Extracted records:
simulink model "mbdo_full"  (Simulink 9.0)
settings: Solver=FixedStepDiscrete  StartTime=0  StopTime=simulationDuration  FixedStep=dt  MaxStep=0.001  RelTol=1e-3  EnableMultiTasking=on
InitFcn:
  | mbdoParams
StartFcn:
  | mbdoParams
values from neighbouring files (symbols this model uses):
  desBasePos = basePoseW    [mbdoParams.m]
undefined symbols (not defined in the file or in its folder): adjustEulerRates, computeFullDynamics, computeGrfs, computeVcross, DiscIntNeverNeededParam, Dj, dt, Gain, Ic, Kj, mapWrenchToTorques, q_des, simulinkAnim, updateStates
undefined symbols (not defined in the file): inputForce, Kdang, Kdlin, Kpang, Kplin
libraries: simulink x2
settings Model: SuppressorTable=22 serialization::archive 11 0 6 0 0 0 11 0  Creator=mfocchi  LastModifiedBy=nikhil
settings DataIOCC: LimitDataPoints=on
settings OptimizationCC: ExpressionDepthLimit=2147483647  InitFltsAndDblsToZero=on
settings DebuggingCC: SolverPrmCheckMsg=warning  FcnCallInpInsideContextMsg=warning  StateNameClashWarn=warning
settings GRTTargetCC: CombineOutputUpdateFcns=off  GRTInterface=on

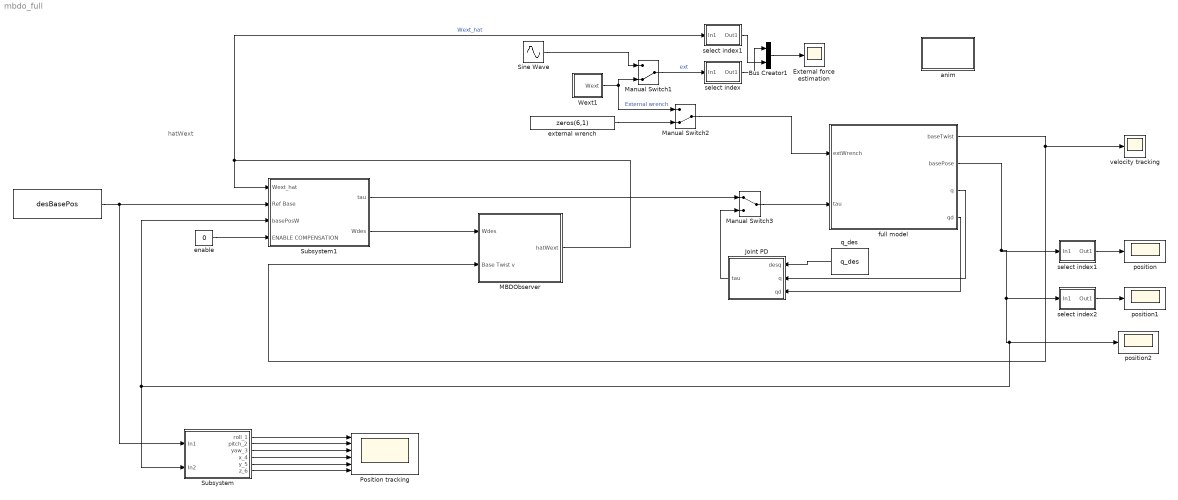
== system mbdo_full ==
  note: hatWext
  " " : Constant  Value=desBasePos
  Bus Creator1 : BusCreator  Inputs=2
  External force estimation : Scope
  Joint PD : Subsystem
  MBDObserver : Subsystem
  Manual Switch1 : ManualSwitch  CurrentSetting=0
  Manual Switch2 : ManualSwitch  CurrentSetting=0
  Manual Switch3 : ManualSwitch
  Position tracking : Scope  NumInputPorts=6
  Sine Wave : Sin  Amplitude=100  Frequency=2*pi*5  SampleTime=0
  Subsystem : Subsystem
  Subsystem1 : Subsystem
  Wext1 : Subsystem  mask{input=inputForce, fext=200, step_time=3}
  anim : Subsystem
  enable : Constant  Value=0
  external wrench : Constant  Value=zeros(6,1)
  full model : Subsystem
  position : Scope
  position1 : Scope
  position2 : Scope
  q_des : Constant  Value=q_des
  select index : Subsystem  mask{input=inputForce}
  select index1 : Subsystem  mask{input=6}
  "select index1 " : Subsystem  mask{input=inputForce}
  select index2 : Subsystem  mask{input=2}
  velocity tracking : Scope
  wires:
  " "/1 -> Subsystem/1(In1), Subsystem1/2(Ref Base)
  Bus Creator1/1 -> External force estimation/1
  select index/1(Out1) -> Bus Creator1/1
  "select index1 "/1(Out1) -> Bus Creator1/2
  Manual Switch1/1 -> select index/1(In1)  "ext"
  Wext1/1(Wext) -> Manual Switch1/2, Manual Switch2/1  "External wrench"
  Sine Wave/1 -> Manual Switch1/1
  full model/2(basePose) -> Subsystem1/3(basePosW), Subsystem/2(In2), position2/1, select index2/1(In1), select index1/1(In1)
  Subsystem/1(roll_1) -> Position tracking/1
  Subsystem/2(pitch_2) -> Position tracking/2
  Subsystem/3(yaw_3) -> Position tracking/3
  Subsystem/4(x_4) -> Position tracking/4
  Subsystem/5(y_5) -> Position tracking/5
  Subsystem/6(z_6) -> Position tracking/6
  MBDObserver/1("hatWext ") -> "select index1 "/1(In1), Subsystem1/1(Wext_hat)  "Wext_hat"
  full model/1(baseTwist) -> MBDObserver/2(Base Twist v), velocity tracking/1
  select index1/1(Out1) -> position/1
  external wrench/1 -> Manual Switch2/2
  Manual Switch2/1 -> full model/1(extWrench)
  Manual Switch3/1 -> full model/2(tau)
  q_des/1 -> Joint PD/1(desq)
  full model/3(q) -> Joint PD/2(q)
  Joint PD/1(tau) -> Manual Switch3/2
  select index2/1(Out1) -> position1/1
  full model/4(qd) -> Joint PD/3(qd)
  Subsystem1/2(Wdes) -> MBDObserver/1(Wdes)
  Subsystem1/1(tau) -> Manual Switch3/1
  enable/1 -> Subsystem1/4(ENABLE COMPENSATION)

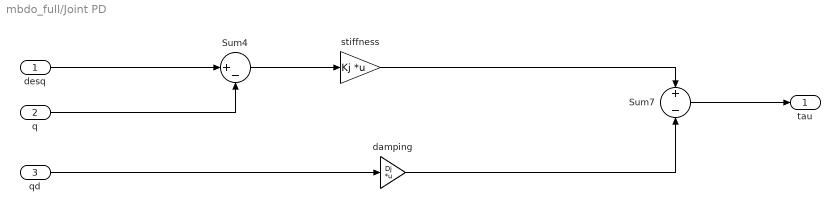
== system mbdo_full/Joint PD ==
  desq : Inport
  q : Inport  Port=2
  qd : Inport  Port=3
  Sum4 : Sum  Inputs=|+-
  Sum7 : Sum  Inputs=+|-
  damping : Gain  Gain=Dj  Multiplication=Matrix(K*u)
  stiffness : Gain  Gain=Kj  Multiplication=Matrix(K*u)
  tau : Outport
  wires:
  q/1 -> Sum4/2
  desq/1 -> Sum4/1
  Sum7/1 -> tau/1
  damping/1 -> Sum7/2
  stiffness/1 -> Sum7/1
  Sum4/1 -> stiffness/1
  qd/1 -> damping/1

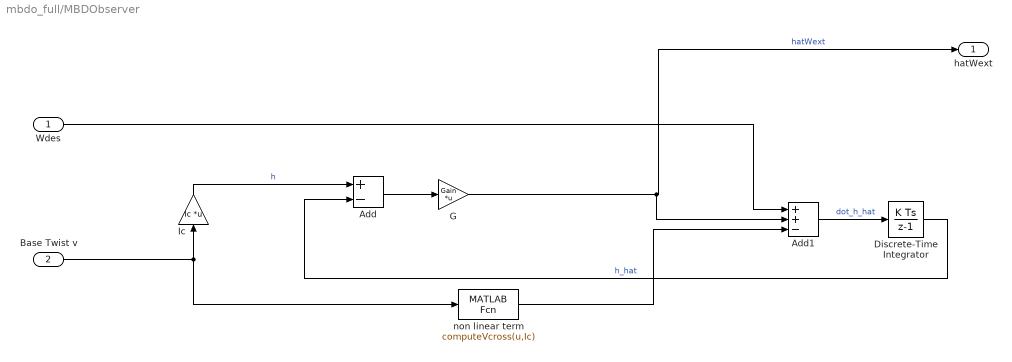
== system mbdo_full/MBDObserver ==
  Wdes : Inport
  Base Twist v : Inport  Port=2
  Add : Sum  Inputs=+-
  Add1 : Sum  Inputs=++-
  Discrete-Time Integrator : DiscreteIntegrator  InitialCondition=zeros(6,1)  InitialConditionSetting=State (most efficient)  SampleTime=dt  ICPrevOutput=DiscIntNeverNeededParam  ICPrevScaledInput=DiscIntNeverNeededParam
  G : Gain  Gain=Gain  Multiplication=Matrix(K*u)
  Ic : Gain  Gain=Ic  Multiplication=Matrix(K*u)
  non linear term : MATLABFcn  MATLABFcn=computeVcross(u,Ic)
  "hatWext " : Outport
  wires:
  G/1 -> Add1/2, "hatWext "/1  "hatWext"
  Wdes/1 -> Add1/1
  Base Twist v/1 -> non linear term/1, Ic/1
  Add/1 -> G/1
  Add1/1 -> Discrete-Time Integrator/1  "dot_h_hat"
  Ic/1 -> Add/1  "h"
  Discrete-Time Integrator/1 -> Add/2  "h_hat"
  non linear term/1 -> Add1/3

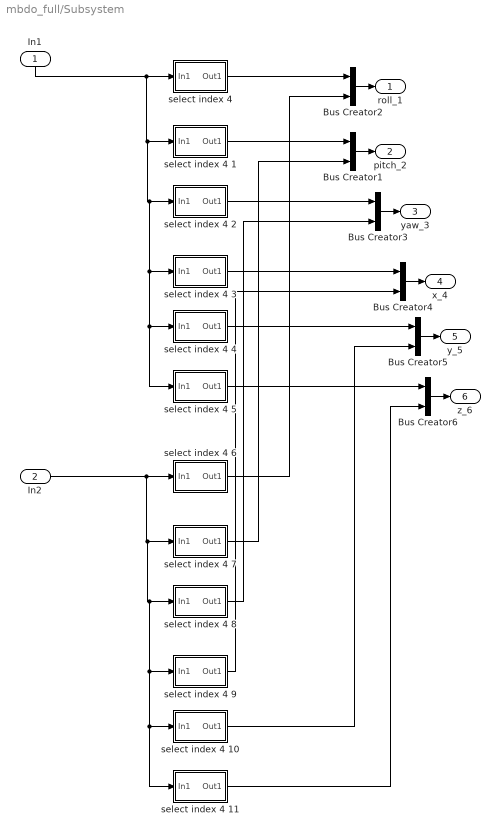
== system mbdo_full/Subsystem ==
  In1 : Inport
  In2 : Inport  Port=2
  Bus Creator{1..6} (6 alike) : BusCreator  Inputs=2
  "select index 4 " : Subsystem  mask{input=1}
  select index 4 1 : Subsystem  mask{input=2}
  select index 4 10 : Subsystem  mask{input=5}
  select index 4 11 : Subsystem  mask{input=6}
  select index 4 2 : Subsystem  mask{input=3}
  select index 4 3 : Subsystem  mask{input=4}
  select index 4 4 : Subsystem  mask{input=5}
  select index 4 5 : Subsystem  mask{input=6}
  select index 4 6 : Subsystem  mask{input=1}
  select index 4 7 : Subsystem  mask{input=2}
  select index 4 8 : Subsystem  mask{input=3}
  select index 4 9 : Subsystem  mask{input=4}
  roll_1 : Outport
  pitch_2 : Outport  Port=2
  yaw_3 : Outport  Port=3
  x_4 : Outport  Port=4
  y_5 : Outport  Port=5
  z_6 : Outport  Port=6
  wires:
  Bus Creator2/1 -> roll_1/1
  "select index 4 "/1(Out1) -> Bus Creator2/1
  In1/1 -> select index 4 5/1(In1), select index 4 4/1(In1), select index 4 3/1(In1), select index 4 2/1(In1), select index 4 1/1(In1), "select index 4 "/1(In1)
  In2/1 -> select index 4 11/1(In1), select index 4 10/1(In1), select index 4 9/1(In1), select index 4 8/1(In1), select index 4 7/1(In1), select index 4 6/1(In1)
  select index 4 6/1(Out1) -> Bus Creator2/2
  select index 4 7/1(Out1) -> Bus Creator1/2
  select index 4 1/1(Out1) -> Bus Creator1/1
  Bus Creator1/1 -> pitch_2/1
  Bus Creator3/1 -> yaw_3/1
  select index 4 8/1(Out1) -> Bus Creator3/2
  select index 4 9/1(Out1) -> Bus Creator4/2
  Bus Creator4/1 -> x_4/1
  Bus Creator5/1 -> y_5/1
  select index 4 10/1(Out1) -> Bus Creator5/2
  select index 4 11/1(Out1) -> Bus Creator6/2
  Bus Creator6/1 -> z_6/1
  select index 4 2/1(Out1) -> Bus Creator3/1
  select index 4 3/1(Out1) -> Bus Creator4/1
  select index 4 4/1(Out1) -> Bus Creator5/1
  select index 4 5/1(Out1) -> Bus Creator6/1

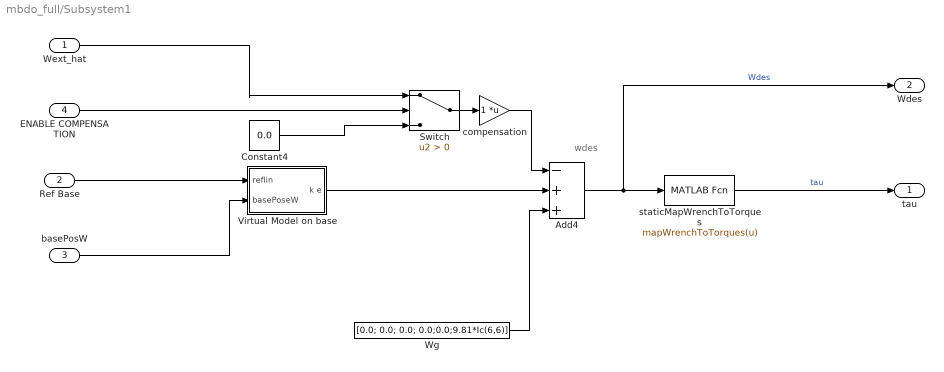
== system mbdo_full/Subsystem1 ==
  note: wdes
  Wext_hat : Inport
  Ref Base : Inport  Port=2
  basePosW : Inport  Port=3
  ENABLE COMPENSATION : Inport  Port=4
  Add4 : Sum  Inputs=-++
  Constant4 : Constant  Value=0.0
  Switch : Switch  Criteria=u2 > Threshold
  Virtual Model on base : Subsystem
  Wg : Constant  Value=[0.0; 0.0; 0.0; 0.0;0.0;9.81*Ic(6,6)]
  compensation : Gain  Multiplication=Matrix(K*u)
  staticMapWrenchToTorques : MATLABFcn  MATLABFcn=mapWrenchToTorques(u)
  tau : Outport
  Wdes : Outport  Port=2
  wires:
  basePosW/1 -> Virtual Model on base/2(basePoseW)
  Add4/1 -> Wdes/1, staticMapWrenchToTorques/1  "Wdes"
  Ref Base/1 -> Virtual Model on base/1(reflin)
  Constant4/1 -> Switch/3
  Switch/1 -> compensation/1
  Virtual Model on base/1(k e) -> Add4/2
  compensation/1 -> Add4/1
  Wg/1 -> Add4/3
  staticMapWrenchToTorques/1 -> tau/1  "tau"
  Wext_hat/1 -> Switch/1
  ENABLE COMPENSATION/1 -> Switch/2

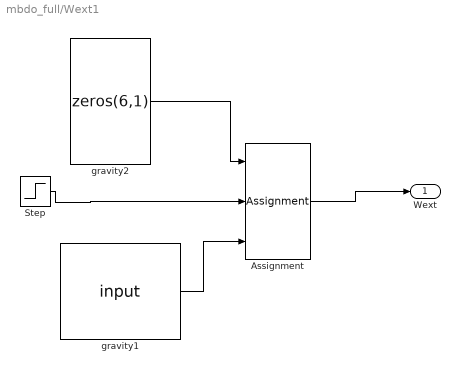
== system mbdo_full/Wext1 ==
  Assignment : Assignment  IndexOptions=Index vector (port)  Indices=1  OutputSizes=1
  Step : Step  Time=step_time  After=fext  SampleTime=0
  gravity1 : Constant  Value=input
  gravity2 : Constant  Value=zeros(6,1)
  Wext : Outport
  wires:
  Step/1 -> Assignment/2
  gravity2/1 -> Assignment/1
  gravity1/1 -> Assignment/3
  Assignment/1 -> Wext/1

== system mbdo_full/anim ==
  Constant1 : Constant  Value=0.0
  Terminator : Terminator
  anim : MATLABFcn  MATLABFcn=simulinkAnim()
  wires:
  anim/1 -> Terminator/1
  Constant1/1 -> anim/1

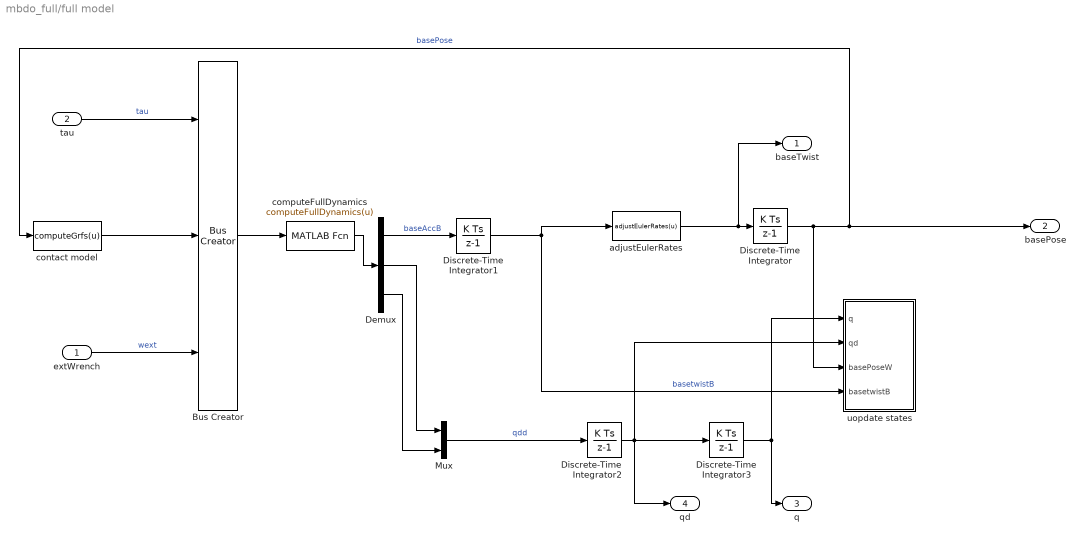
== system mbdo_full/full model ==
  extWrench : Inport
  tau : Inport  Port=2
  Bus Creator : BusCreator  Inputs=3
  Demux : Demux  Outputs=3
  Discrete-Time Integrator : DiscreteIntegrator  InitialCondition=desBasePos  InitialConditionSetting=State (most efficient)  SampleTime=dt  ICPrevOutput=DiscIntNeverNeededParam  ICPrevScaledInput=DiscIntNeverNeededParam
  Discrete-Time Integrator1 : DiscreteIntegrator  InitialCondition=zeros(6,1)  InitialConditionSetting=State (most efficient)  SampleTime=dt  ICPrevOutput=DiscIntNeverNeededParam  ICPrevScaledInput=DiscIntNeverNeededParam
  Discrete-Time Integrator2 : DiscreteIntegrator  InitialCondition=zeros(12,1)  InitialConditionSetting=State (most efficient)  SampleTime=dt  ICPrevOutput=DiscIntNeverNeededParam  ICPrevScaledInput=DiscIntNeverNeededParam
  Discrete-Time Integrator3 : DiscreteIntegrator  InitialCondition=q_des  InitialConditionSetting=State (most efficient)  SampleTime=dt  ICPrevOutput=DiscIntNeverNeededParam  ICPrevScaledInput=DiscIntNeverNeededParam
  Mux : Mux  Inputs=2
  adjustEulerRates : MATLABFcn  MATLABFcn=adjustEulerRates(u)  OutputDimensions=6
  computeFullDynamics : MATLABFcn  MATLABFcn=computeFullDynamics(u)  OutputDimensions=18
  contact model : MATLABFcn  MATLABFcn=computeGrfs(u)  OutputDimensions=12
  uopdate states : Subsystem
  baseTwist : Outport
  basePose : Outport  Port=2
  q : Outport  Port=3
  qd : Outport  Port=4
  wires:
  Bus Creator/1 -> computeFullDynamics/1
  Discrete-Time Integrator1/1 -> adjustEulerRates/1, uopdate states/4(basetwistB)  "basetwistB"
  tau/1 -> Bus Creator/1  "tau"
  extWrench/1 -> Bus Creator/3  "wext"
  computeFullDynamics/1 -> Demux/1
  Demux/1 -> Discrete-Time Integrator1/1  "baseAccB"
  Discrete-Time Integrator/1 -> uopdate states/3(basePoseW), contact model/1, basePose/1  "basePose"
  Demux/2 -> Mux/1
  Demux/3 -> Mux/2
  Discrete-Time Integrator2/1 -> qd/1, uopdate states/2(qd), Discrete-Time Integrator3/1
  Mux/1 -> Discrete-Time Integrator2/1  "qdd"
  Discrete-Time Integrator3/1 -> uopdate states/1(q), q/1
  adjustEulerRates/1 -> baseTwist/1, Discrete-Time Integrator/1
  contact model/1 -> Bus Creator/2

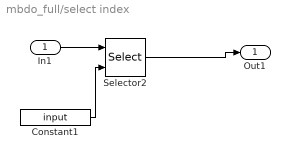
== system mbdo_full/select index ==
  In1 : Inport
  Constant1 : Constant  Value=input
  Selector2 : Selector  InputPortWidth=6  IndexOptions=Index vector (port)  Indices=[1 ]  OutputSizes=1
  Out1 : Outport
  wires:
  Constant1/1 -> Selector2/2
  In1/1 -> Selector2/1
  Selector2/1 -> Out1/1

== system mbdo_full/select index1 ==
  In1 : Inport
  Constant1 : Constant  Value=input
  Selector2 : Selector  InputPortWidth=6  IndexOptions=Index vector (port)  Indices=[1 ]  OutputSizes=1
  Out1 : Outport
  wires:
  Selector2/1 -> Out1/1
  In1/1 -> Selector2/1
  Constant1/1 -> Selector2/2

== system mbdo_full/select index1  ==
  In1 : Inport
  Constant1 : Constant  Value=input
  Selector2 : Selector  InputPortWidth=6  IndexOptions=Index vector (port)  Indices=[1 ]  OutputSizes=1
  Out1 : Outport
  wires:
  Selector2/1 -> Out1/1
  In1/1 -> Selector2/1
  Constant1/1 -> Selector2/2

== system mbdo_full/select index2 ==
  In1 : Inport
  Constant1 : Constant  Value=input
  Selector2 : Selector  InputPortWidth=6  IndexOptions=Index vector (port)  Indices=[1 ]  OutputSizes=1
  Out1 : Outport
  wires:
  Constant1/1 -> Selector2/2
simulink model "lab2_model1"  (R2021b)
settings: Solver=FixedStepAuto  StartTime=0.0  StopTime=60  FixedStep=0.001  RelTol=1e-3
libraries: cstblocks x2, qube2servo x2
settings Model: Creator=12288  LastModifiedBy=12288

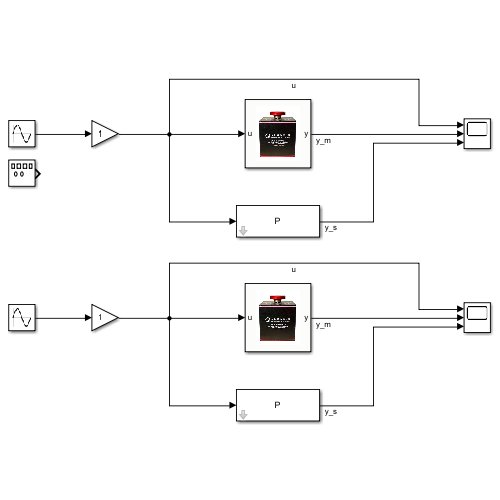
[thumbnail: Simulink's stored preview of the top-level diagram]
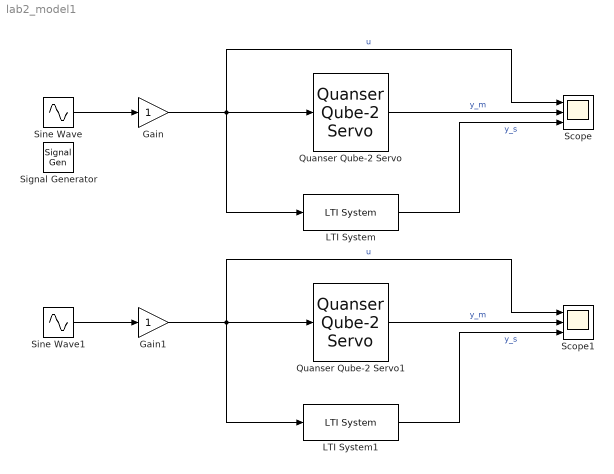
== system lab2_model1 ==
  Gain : Gain
  Gain1 : Gain
  LTI System : cstblocks/LTI System  sys=P  IC=[]
  LTI System1 : cstblocks/LTI System  sys=P  IC=[]
  Quanser Qube-2 Servo : qube2servo/Quanser Qube-2 Servo  SystemSampleTime=-1  VariantActivationTime=update diagram  Latency=0  AutoFrameSizeCalculation=off
  Quanser Qube-2 Servo1 : qube2servo/Quanser Qube-2 Servo  SystemSampleTime=-1  VariantActivationTime=update diagram  Latency=0  AutoFrameSizeCalculation=off
  Scope : Scope  NumInputPorts=3
  Scope1 : Scope  NumInputPorts=3
  Signal Generator : SignalGenerator  Units=rad/sec
  Sine Wave : Sin  Phase=pi/2  SampleTime=0
  Sine Wave1 : Sin  Frequency=5  Phase=pi/2  SampleTime=0
  wires:
  Gain/1 -> Scope/1, LTI System/1, Quanser Qube-2 Servo/1  "u"
  Quanser Qube-2 Servo/1 -> Scope/2  "y_m"
  LTI System/1 -> Scope/3  "y_s"
  Gain1/1 -> Scope1/1, LTI System1/1, Quanser Qube-2 Servo1/1  "u"
  LTI System1/1 -> Scope1/3  "y_s"
  Quanser Qube-2 Servo1/1 -> Scope1/2  "y_m"
  Sine Wave1/1 -> Gain1/1
  Sine Wave/1 -> Gain/1

* **Exercise goal**
Collect each line above holding the string "simulinkAnim".

* **Exercise result**
undefined symbols (not defined in the file or in its folder): adjustEulerRates, computeFullDynamics, computeGrfs, computeVcross, DiscIntNeverNeededParam, Dj, dt, Gain, Ic, Kj, mapWrenchToTorques, q_des, simulinkAnim, updateStates
  anim : MATLABFcn  MATLABFcn=simulinkAnim()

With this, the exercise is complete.